I am not your co-equal, President tells errant legislators

President John Mahama on Tuesday set Parliament reeling with laughter when he jokingly told Minority legislators, who were heckling him that he was not their equal.

“Herr! Order!!! I’m not your co-equal”……Mr Speaker, who said tweaa” throwing the House and personalities who had thronged the Legislature to listen to his State of the Nation Address into uncontrollable hilarity.

Ironically, the Speaker of Parliament had last week declared the remark “tweea”, a twi word for disapproval or contempt, not fit for parliamentary diction. And the lawmakers overlooked the Speakers ruling on the issue and hurled the word at President, with the Speaker visibly angered by the embarrassing spectacle that was unfolding before him and other very important guest to the House.
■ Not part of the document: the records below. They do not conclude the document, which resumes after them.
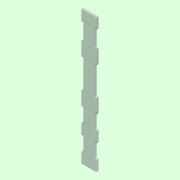
# Autodesk Inventor part: Left_wall
Saved by Autodesk Inventor 2015 (Build 190159000, 159)
## iProperties
Created: 2015-06-19
Part Number: Left_wall
Material: Generic
Document SubType Name: Modeling
Designer: Openlab
Density: 1 g/cm^3
Appearance: Polycarbonate - Clear
Author: Openlab
Autodesk Inventor part; units mm, degrees
ref_plane "YZ Plane" through (0, 0, 0) normal (1, 0, 0) x (0, 1, 0)
ref_plane "XZ Plane" through (0, 0, 0) normal (0, 1, 0) x (-1, 0, 0)
ref_plane "XY Plane" through (0, 0, 0) normal (0, 0, 1) x (1, 0, 0)
sketch "Sketch1" plane through (0, 0, 0) normal (0, 1, 0) x (-1, 0, 0)
  line L0 (21, -15) -> (18.25, -15)
  line L1 (21, -38) -> (18.25, -38)
  line L2 (21, -138) -> (18.25, -138)
  line L3 (21, -58) -> (18.25, -58)
  line L4 (21, -118) -> (18.25, -118)
  line L5 (21, -98) -> (18.25, -98)
  line L6 (2.75, -58) -> (0, -58)
  line L7 (2.75, -98) -> (0, -98)
  line L8 (2.75, -118) -> (0, -118)
  line L9 (2.75, -138) -> (0, -138)
  line L10 (2.75, -38) -> (0, -38)
  line L11 (2.75, -15) -> (0, -15)
  line L12 (21, -153) -> (21, -138)
  line L13 (21, -118) -> (21, -98)
  line L14 (21, -58) -> (21, -38)
  line L15 (21, -15) -> (21, 0)
  line L16 (0, -153) -> (0, -138)
  line L17 (0, -118) -> (0, -98)
  line L18 (0, -58) -> (0, -38)
  line L19 (0, -15) -> (0, 0)
  line L20 (18.25, -138) -> (18.25, -118)
  line L21 (18.25, -98) -> (18.25, -58)
  line L22 (18.25, -38) -> (18.25, -15)
  line L23 (2.75, -138) -> (2.75, -118)
  line L24 (2.75, -98) -> (2.75, -58)
  line L25 (2.75, -38) -> (2.75, -15)
  line L26 (21, -58) -> (21, -38) construction
  line L27 (2.75, -173) -> (2.75, -153)
  line L28 (21, 0) -> (0, 0)
  line L29 (21, -153) -> (18.25, -153)
  line L30 (2.75, -153) -> (0, -153)
  line L31 (18.25, -153) -> (18.25, -173)
  line L32 (18.25, -173) -> (21, -173)
  line L33 (21, -173) -> (21, -188)
  line L34 (21, -188) -> (0, -188)
  line L35 (0, -188) -> (0, -173)
  line L36 (0, -173) -> (2.75, -173)
  dimension "d7" = 23
  dimension "d8" = 20
  dimension "d9" = 40
  dimension "d10" = 20
  dimension "d11" = 20
  dimension "d28" = 15.5
  dimension "d31" = 2.75
  dimension "d38" = 15
  dimension "d39" = 20
  dimension "d40" = 15
  dimension "d41" = 15
  constraints: 75 end point, 29 collinear, 6 perpendicular, 4 parallel, 3 vertical, 2 point on line
  measures "d7" distance between parallel lines of L1 L0
  measures "d8" distance between parallel lines of L3 L1
  measures "d9" distance between parallel lines of L5 L3
  measures "d10" distance between parallel lines of L4 L5
  measures "d11" distance between parallel lines of L2 L4
  measures "d28" distance between parallel lines of L23 L20
  measures "d31" distance between parallel lines of L22 L15
  measures "d38" distance of L12.start L2.start
  measures "d39" distance of L29.end L31.end
  measures "d40" distance of L32.end L33.end
  measures "d41" distance between parallel lines of L0 L28
extrude "Extrusion3" add sketch "Sketch1" along normal blind 3
body "Solid3"

But as the President was called upon by the Speaker to deliver his address, minority back-benchers started using the term, which initially caused consternation from the Majority side, but President Mahama started his address, which was disturbed by many “tweeea’s from the errant lawmakers, prompting the President to make the remark that sent the house into a momentary fit of laughter.

Mr Gabriel Barimah, the District Chief Executive for Ahafo Ano South, made the word “tweea” trendy when in a fit of anger asked a health worker at a public function who had used the word to signal disapproval of what the DCE had said whether they were equals.

‘Who said tweaa; am I your co-equal?’ the DCE asked the health worker, embarrassing himself with his conduct, necessitating a reprimand from government.

President Mahama, unperturbed, and occasionally giving side jabs to minority remarks, delivered his address to the admiration of the majority and party faithful, while the opposition took pot shots at every intervention the President espoused to redeem the country from its present challenges.

Meanwhile, mixed reactions have greeted the President’s address, with the Majority hailing it as “a solid all-inclusive address” that would address the countries present challenges and the Minority insisting that the Address was “near empty” without pragmatic solutions to halt the country’s economic decline.